Meet Captain Duncan Maclain. Blinded during his service in the first World War, Maclain made up for his lack of vision by sharpening his other senses, achieving a mastery of the subtle unseen clues often missed by those who see only with their eyes. Aided by his dogs Schnucke and Driest, the Captain puts the intelligence-gathering techniques he learned in the Army to work, making a name for himself as New York City’s most sought-after private detective. Now it’s 1940, there’s a second World War breaking out, and Maclain is pulled into a case unlike any he’s investigated before.
The murder of an actor in his Greenwich Village apartment would cause a stir no matter the circumstances but, when the actor happens to possess secret government plans, and when those plans go missing along with the young woman with whom he was last seen, it’s sensational enough to interest not only the local police, but the American government as well.

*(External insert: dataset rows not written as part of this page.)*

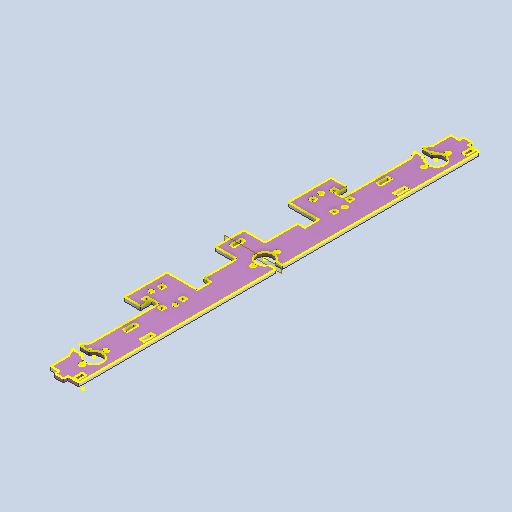
# Autodesk Inventor part: chassis_1_1-03
Saved by Autodesk Inventor 2022 (Build 260153000, 153)
## iProperties
Created: 2023-03-24
Part Number: chassis_1_1-03
Material: 一般
Document SubType Name: Modeling
Designer: Johnny Jou
Density: 79.16 g/cm^3
Appearance: 預設
Mass: 1181.55 g
Surface Area: 130.252 cm^2
Volume: 14.9262 cm^3
Author: Johnny Jou
Autodesk Inventor part; units mm, degrees
ref_plane "YZ Plane" through (0, 0, 0) normal (1, 0, 0) x (0, 1, 0)
ref_plane "XZ Plane" through (0, 0, 0) normal (0, 1, 0) x (-1, 0, 0)
ref_plane "XY Plane" through (0, 0, 0) normal (0, 0, 1) x (1, 0, 0)
sketch "草圖1" plane through (0, 0, 0) normal (0, 1, 0) x (-1, 0, 0)
  line L0 (0, 0) -> (0, -290)
  arc A0 (15, -157.4599) -> (15, -132.5401) centre (16, -145) ccw
  circle A1 centre (16, -145) radius 26 construction
  line L1 (15, -280) -> (15, -157.4599)
  line L2 (15, -132.5401) -> (15, -10)
  circle A2 centre (16, -136.5) radius 1.5
  circle A3 centre (16, -153.5) radius 1.5
  line L3 (20, 0) -> (20, -10)
  line L4 (20, -10) -> (15, -10)
  line L5 (0, -10) -> (0, 0)
  line L6 (6, 0) -> (6, -3)
  line L7 (6, -3) -> (14, -3)
  line L8 (14, -3) -> (14, 0)
  line L9 (0, 0) -> (6, 0)
  line L10 (14, 0) -> (20, 0)
  line L11 (15, 0) -> (14, 0)
  line L12 (6, 0) -> (0, 0)
  line L13 (20, -290) -> (20, -280)
  line L14 (20, -280) -> (15, -280)
  line L15 (0, -290) -> (0, -290)
  line L16 (6, -290) -> (6, -287)
  line L17 (6, -287) -> (14, -287)
  line L18 (14, -287) -> (14, -290)
  line L19 (0, -290) -> (6, -290)
  line L20 (14, -290) -> (20, -290)
  dimension "d1" = 15
  dimension "d2" = 25
  dimension "d3" = 52
  dimension "d4" = 16
  dimension "d6" = 3
  dimension "d7" = 17
  dimension "d8" = 8.5
  dimension "d9" = 10
  dimension "d10" = 20
  dimension "d11" = 8
  dimension "d12" = 3
  dimension "d13" = 6
  dimension "d15" = 3
  dimension "d16" = 8
  dimension "d17" = 6
  dimension "d34" = 290
  dimension "d35" = 145
  dimension "d36" = 10
  dimension "d55" = 8.5
  dimension "d56" = 15
  dimension "d57" = 15
  constraints: 42 end point, 10 parallel, 6 horizontal, 6 perpendicular, 4 centre point, 2 coincident, 2 collinear, 2 point on circle, 1 equal radius, 1 vertical alignment
  measures "d1" distance of L11.start L0.start
  measures "d2" diameter of A0
  measures "d3" diameter of A1
  measures "d4" distance from line of L0 A0.centre
  measures "d6" diameter of A2
  measures "d7" distance of A3.centre A2.centre
  measures "d8" distance of A0.centre A3.centre
  measures "d9" distance of L3.start L3.end
  measures "d10" distance between parallel lines of L0 L3
  measures "d11" distance of L6.end L7.end
  measures "d12" distance of L7.end L8.end
  measures "d13" distance between parallel lines of L5 L6
  measures "d15" distance of L17.end L18.end
  measures "d16" distance of L16.end L17.end
  measures "d17" distance between parallel lines of L0 L16
  measures "d34" distance of L0.start L0.end
  measures "d35" distance from line of L19 A0.centre
  measures "d36" distance of L13.start L13.end
  measures "d55" distance of A0.centre A2.centre
  measures "d56" distance between parallel lines of L0 L1
  measures "d57" distance between parallel lines of L0 L2
extrude "擠出1" add sketch "草圖1" along normal blind 3
sketch "草圖2" plane through (0, 3, 0) normal (0, 1, 0) x (1, 0, 0)
  line L0 (-5, 197) -> (-2, 197)
  line L1 (-2, 197) -> (-2, 205)
  line L2 (-2, 205) -> (-5, 205)
  line L3 (-5, 205) -> (-5, 197)
  arc A0 (-15, 157.4599) -> (-15, 132.5401) centre (-16, 145) ccw projected
  line L4 (-15, 132.5401) -> (-15, 10) projected
  circle A1 centre (-16, 145) radius 12.5 construction
  line L5 (0, 0) -> (0, 290) projected
  line L6 (-11, 4) -> (-8, 4)
  line L7 (-8, 4) -> (-8, 10)
  line L8 (-8, 10) -> (-11, 10)
  line L9 (-11, 10) -> (-11, 4)
  line L10 (-14, 3) -> (-6, 3) projected
  line L11 (-11, 280) -> (-8, 280)
  line L12 (-8, 280) -> (-8, 286)
  line L13 (-8, 286) -> (-11, 286)
  line L14 (-11, 286) -> (-11, 280)
  line L15 (-6, 287) -> (-14, 287) projected
  line L16 (-5, 85) -> (-2, 85)
  line L17 (-2, 85) -> (-2, 93)
  line L18 (-2, 93) -> (-5, 93)
  line L19 (-5, 93) -> (-5, 85)
  line L20 (-15, 280) -> (-15, 157.4599) projected
  line L21 (-13, 129) -> (-5, 129)
  line L22 (-5, 129) -> (-5, 132)
  line L23 (-5, 132) -> (-13, 132)
  line L24 (-13, 132) -> (-13, 129)
  line L25 (-13, 158) -> (-5, 158)
  line L26 (-5, 158) -> (-5, 161)
  line L27 (-5, 161) -> (-13, 161)
  line L28 (-13, 161) -> (-13, 158)
  line L29 (-11, 51) -> (-8, 51)
  line L30 (-8, 51) -> (-8, 59)
  line L31 (-8, 59) -> (-11, 59)
  line L32 (-11, 59) -> (-11, 51)
  line L33 (-11, 55) -> (-8, 55) construction
  line L34 (-11, 231) -> (-8, 231)
  line L35 (-8, 231) -> (-8, 239)
  line L36 (-8, 239) -> (-11, 239)
  line L37 (-11, 239) -> (-11, 231)
  line L38 (-11, 235) -> (-8, 235) construction
  dimension "d20" = 8
  dimension "d21" = 3
  dimension "d22" = 60
  dimension "d23" = 2
  dimension "d24" = 6
  dimension "d25" = 3
  dimension "d27" = 1
  dimension "d28" = 6
  dimension "d29" = 3
  dimension "d31" = 1
  dimension "d58" = 3
  dimension "d59" = 8
  dimension "d60" = 60
  dimension "d69" = 4
  dimension "d70" = 4
  dimension "d104" = 13
  dimension "d106" = 13
  dimension "d108" = 90
  dimension "d109" = 90
  constraints: 68 end point, 16 parallel, 8 equal length, 8 horizontal, 8 perpendicular, 5 collinear, 4 midpoint, 1 coincident, 3 other
  measures "d20" distance of L2.end L0.start
  measures "d21" distance of L1.end L2.end
  measures "d22" distance from line of A0.centre L2
  measures "d23" distance between parallel lines of L5 L1
  measures "d24" distance of L8.end L6.start
  measures "d25" distance of L7.end L8.end
  measures "d27" distance between parallel lines of L10 L6
  measures "d28" distance of L13.end L11.start
  measures "d29" distance of L11.start L11.end
  measures "d31" distance between parallel lines of L15 L13
  measures "d58" distance of L17.end L18.end
  measures "d59" distance of L16.end L17.end
  measures "d60" distance from line of A0.centre L16
  measures "d69" distance between parallel lines of L20 L14
  measures "d70" distance between parallel lines of L4 L9
  measures "d104" distance from line of A0.centre L23
  measures "d106" distance from line of L25 A0.centre
  measures "d108" distance from line of A0.centre L33
  measures "d109" distance from line of A0.centre L38
extrude "擠出2" cut sketch "草圖2" against normal up to surface (3 mm away) contours L9 L8 L7 L6 | L14 L13 L12 L11 | L32 L31 L30 L29 | L37 L36 L35 L34
sketch "草圖3" plane through (0, 3, 0) normal (0, 1, 0) x (1, 0, 0)
  arc A0 (-15, 157.4599) -> (-15, 132.5401) centre (-16, 145) ccw projected
  circle A1 centre (-16, 145) radius 6
  point P0 (0, 0)
  dimension "d37" = 12
  constraints: 1 centre point, 1 coincident
  measures "d37" diameter of A1
extrude "擠出3" cut sketch "草圖3" against normal up to surface (3 mm away)
sketch "草圖4" plane through (0, 3, 0) normal (0, 1, 0) x (1, 0, 0)
  circle A0 centre (-16, 145) radius 6 projected
  arc A1 (-15, 157.4599) -> (-15, 132.5401) centre (-16, 145) ccw projected
  circle A2 centre (-16, 136.5) radius 1.5 projected
  circle A3 centre (-16, 153.5) radius 1.5 projected
  circle A4 centre (-16, 23.5) radius 12.5
  circle A5 centre (-16, 23.5) radius 6
  circle A6 centre (-16, 32) radius 1.5
  circle A7 centre (-16, 15) radius 1.5
  line L0 (-15, 132.5401) -> (-15, 10) projected
  circle A8 centre (-16, 266.5) radius 12.5
  circle A9 centre (-16, 266.5) radius 6
  circle A10 centre (-16, 275) radius 1.5
  circle A11 centre (-16, 258) radius 1.5
  point P0 (0, 0)
  point P1 (-15, 11.0401)
  point P2 (-15, 35.9599)
  dimension "d40" = 3
  dimension "d41" = 12
  dimension "d42" = 25
  dimension "d43" = 17
  dimension "d44" = 8.5
  dimension "d45" = 121.5
  dimension "d48" = 243
  constraints: 8 centre point, 3 vertical alignment, 2 coincident, 1 equal radius, 1 vertical, 8 other
  measures "d40" diameter of A6
  measures "d41" diameter of A5
  measures "d42" diameter of A4
  measures "d43" distance of A7.centre A6.centre
  measures "d44" distance of A4.centre A6.centre
  measures "d45" distance of A0.centre A4.centre
  measures "d48" distance of A4.centre A8.centre
extrude "擠出4" add sketch "草圖4" against normal up to surface (3 mm away) contours A4 L0 A7 A5 A6 | L0 A6 A5 A7 A4 | A8
sketch "草圖6" plane through (0, 3, 0) normal (0, 1, 0) x (1, 0, 0)
  arc A0 (-15, 29.4161) -> (-15, 17.5839) centre (-16, 23.5) ccw projected
  arc A1 (-15, 272.4161) -> (-15, 260.5839) centre (-16, 266.5) ccw projected
  line L0 (-15, 272.4161) -> (-15, 260.5839) projected
  circle A2 centre (-16, 266.5) radius 6
  line L1 (-15, 29.4161) -> (-15, 17.5839) projected
  circle A3 centre (-16, 23.5) radius 6
  point P0 (0, 0)
  point P1 (-15, 260.5839)
  point P2 (-15, 29.4161)
  constraints: 2 coincident, 6 other
extrude "擠出" cut sketch "草圖6" against normal up to surface (3 mm away) contours A3 L1 | L0 A1 | A2 L0
sketch "草圖8" plane through (0, 3, 0) normal (0, 1, 0) x (1, 0, 0)
  circle A0 centre (-16, 266.5) radius 6 projected
  circle A1 centre (-16, 23.5) radius 6 projected
  line L0 (-15, 259.118) -> (-15, 256.882) projected
  arc A2 (-15, 259.118) -> (-15, 256.882) centre (-16, 258) ccw projected
  line L1 (0, 0) -> (0, 290) projected
  line L2 (-6, 290) -> (-6, 287) projected
  line L3 (-6, 287) -> (-14, 287) projected
  line L4 (-14, 287) -> (-14, 290) projected
  line L5 (-14, 290) -> (-20, 290) projected
  line L6 (-20, 290) -> (-20, 280) projected
  line L7 (-20, 280) -> (-15, 280) projected
  line L8 (-15, 280) -> (-15, 278.9599) projected
  arc A3 (-15, 278.9599) -> (-15, 254.0401) centre (-16, 266.5) ccw projected
  line L9 (-15, 254.0401) -> (-15, 157.4599) projected
  arc A4 (-15, 157.4599) -> (-15, 132.5401) centre (-16, 145) ccw projected
  line L10 (-15, 132.5401) -> (-15, 35.9599) projected
  arc A5 (-15, 35.9599) -> (-15, 11.0401) centre (-16, 23.5) ccw projected
  line L11 (-20, 10) -> (-20, 0) projected
  line L12 (-20, 0) -> (-14, 0) projected
  line L13 (-14, 0) -> (-14, 3) projected
  line L14 (-14, 3) -> (-6, 3) projected
  line L15 (-6, 3) -> (-6, 0) projected
  arc A6 (-15, 33.118) -> (-15, 30.882) centre (-16, 32) ccw projected
  line L16 (-15, 33.118) -> (-15, 30.882) projected
  circle A7 centre (-16, 145) radius 6 projected
  line L17 (-8, 286) -> (-8, 280) projected
  line L18 (-8, 280) -> (-11, 280) projected
  line L19 (-11, 280) -> (-11, 286) projected
  line L20 (-11, 286) -> (-8, 286) projected
  line L21 (-8, 4) -> (-11, 4) projected
  line L22 (-11, 4) -> (-11, 10) projected
  line L23 (-8, 10) -> (-8, 4) projected
  circle A8 centre (-16, 136.5) radius 1.5 projected
  circle A9 centre (-16, 153.5) radius 1.5 projected
  arc A10 (-15, 276.118) -> (-15, 273.882) centre (-16, 275) ccw projected
  line L24 (-15, 276.118) -> (-15, 273.882) projected
  circle A11 centre (-20, 40.5367) radius 5
  line L25 (-15, 132.5401) -> (-15, 35.9599) projected
  circle A12 centre (-22.4706, 10) radius 2.4706
  circle A13 centre (-20, 127.9633) radius 5
  circle A14 centre (-20, 162.0367) radius 5
  circle A15 centre (-20, 249.4633) radius 5
  arc A16 (-15, 35.9599) -> (-15, 11.0401) centre (-16, 23.5) ccw projected
  line L26 (-20, 10) -> (-20, 0) projected
  arc A17 (-15, 157.4599) -> (-15, 132.5401) centre (-16, 145) ccw projected
  line L27 (-15, 254.0401) -> (-15, 157.4599) projected
  circle A18 centre (-22.4706, 280) radius 2.4706
  line L28 (-20, 290) -> (-20, 280) projected
  line L29 (-11, 10) -> (-8, 10) projected
  line L30 (-15, 11.0401) -> (-15, 10) projected
  line L31 (-15, 10) -> (-20, 10) projected
  line L32 (0, 290) -> (-6, 290) projected
  line L33 (-6, 0) -> (0, 0) projected
  point P0 (-21.4028, 277.7721)
  point P1 (-18.8571, 254.3309)
  point P2 (-15, 249.4633)
  point P3 (-15, 162.0367)
  point P4 (-18.8571, 157.1691)
  point P5 (-18.8571, 132.8309)
  point P6 (-15, 127.9633)
  point P7 (-15, 40.5367)
  point P8 (-18.8571, 35.6691)
  point P9 (-21.4028, 12.2279)
  point P10 (-20, 9.6573)
  point P11 (-20, 4.6573)
  point P12 (-27.9283, 17.763)
  dimension "d71" = 10
  constraints: 8 tangent, 4 centre point, 3 equal radius, 2 vertical, 8 other
  measures "d71" diameter of A11
extrude "擠出6" add sketch "草圖8" against normal up to surface (3 mm away) contours A12 A5 L30 L31 | L7 L8 A3 A18 | A11 L10 A5 | A3 L9 A15 | A13 A4 L10 | L9 A4 A14
sketch "草圖9" plane through (0, 3, 0) normal (0, 1, 0) x (1, 0, 0)
  circle A0 centre (-16, 266.5) radius 6 projected
  circle A1 centre (-16, 23.5) radius 6 projected
  line L0 (-15, 259.118) -> (-15, 256.882) projected
  arc A2 (-15, 259.118) -> (-15, 256.882) centre (-16, 258) ccw projected
  line L1 (0, 0) -> (0, 290) projected
  line L2 (-6, 290) -> (-6, 287) projected
  line L3 (-6, 287) -> (-14, 287) projected
  line L4 (-14, 287) -> (-14, 290) projected
  line L5 (-14, 290) -> (-20, 290) projected
  line L6 (-20, 290) -> (-20, 280) projected
  arc A3 (-21.4028, 277.7721) -> (-20, 280) centre (-22.4706, 280) ccw projected
  arc A4 (-21.4028, 277.7721) -> (-18.8571, 254.3309) centre (-16, 266.5) ccw projected
  arc A5 (-15, 249.4633) -> (-18.8571, 254.3309) centre (-20, 249.4633) ccw projected
  line L7 (-15, 249.4633) -> (-15, 162.0367) projected
  arc A6 (-18.8571, 157.1691) -> (-15, 162.0367) centre (-20, 162.0367) ccw projected
  arc A7 (-18.8571, 157.1691) -> (-18.8571, 132.8309) centre (-16, 145) ccw projected
  arc A8 (-15, 127.9633) -> (-18.8571, 132.8309) centre (-20, 127.9633) ccw projected
  line L8 (-15, 127.9633) -> (-15, 40.5367) projected
  arc A9 (-18.8571, 35.6691) -> (-15, 40.5367) centre (-20, 40.5367) ccw projected
  arc A10 (-18.8571, 35.6691) -> (-21.4028, 12.2279) centre (-16, 23.5) ccw projected
  arc A11 (-20, 10) -> (-21.4028, 12.2279) centre (-22.4706, 10) ccw projected
  line L9 (-20, 10) -> (-20, 0) projected
  line L10 (-20, 0) -> (-14, 0) projected
  line L11 (-14, 0) -> (-14, 3) projected
  line L12 (-14, 3) -> (-6, 3) projected
  line L13 (-6, 3) -> (-6, 0) projected
  arc A12 (-15, 33.118) -> (-15, 30.882) centre (-16, 32) ccw projected
  line L14 (-15, 33.118) -> (-15, 30.882) projected
  circle A13 centre (-16, 145) radius 6 projected
  line L15 (-8, 286) -> (-8, 280) projected
  line L16 (-8, 280) -> (-11, 280) projected
  line L17 (-11, 280) -> (-11, 286) projected
  line L18 (-11, 286) -> (-8, 286) projected
  line L19 (-8, 4) -> (-11, 4) projected
  line L20 (-11, 4) -> (-11, 10) projected
  line L21 (-8, 10) -> (-8, 4) projected
  circle A14 centre (-16, 136.5) radius 1.5 projected
  circle A15 centre (-16, 153.5) radius 1.5 projected
  arc A16 (-15, 276.118) -> (-15, 273.882) centre (-16, 275) ccw projected
  line L22 (-15, 276.118) -> (-15, 273.882) projected
  arc A17 (-15, 16.118) -> (-15, 13.882) centre (-16, 15) ccw projected
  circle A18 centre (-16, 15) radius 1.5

Maclain suspects a German spy plot at work and, in a world where treasonous men and patriots are indistinguishable to the naked eye, it will take his special skills to sniff out the solution.
Reissued for the first time in over a half-century, Odor of Violets is the most well-known installment in the long-running Duncan Maclain series, which featured one of crime fiction’s earliest disabled detectives. The novel, filmed in 1942 as Eyes in the Night, is a classic hybrid of mystery and espionage fiction.
PUBLISHERS WEEKLY
Kendrick (1894 1977), a now obscure founder of the Mystery Writers of America, gets his due in this terrific reissue, first published in 1941. As Kendrick explains in the foreword, a sightless soldier he encountered in England in 1917, who rattled off a stunning series of deductions about Kendrick that would have done Sherlock Holmes proud, was the inspiration for detective Duncan Maclain, a former U.S. Army captain who was blinded during WWI and whose abilities derive from his other senses. In the late 1930s, Maclain is working as a PI in Manhattan when he's visited by Paul Gerente, "once a famous stage name," who claims to represent Naval Intelligence. The actor asks for Maclain's help identifying vulnerabilities in the city's infrastructure defenses, in anticipation of an attack by German saboteurs. After the man's departure, Maclain suspects he was an imposter. When he goes to Gerente's apartment, he finds the thespian bludgeoned to death, and the plot careens into a series of twists. Kendrick keeps his concept believable, while tossing in enough action and surprises to keep the pages turning. This is an outstanding addition to the American Mystery Classics series.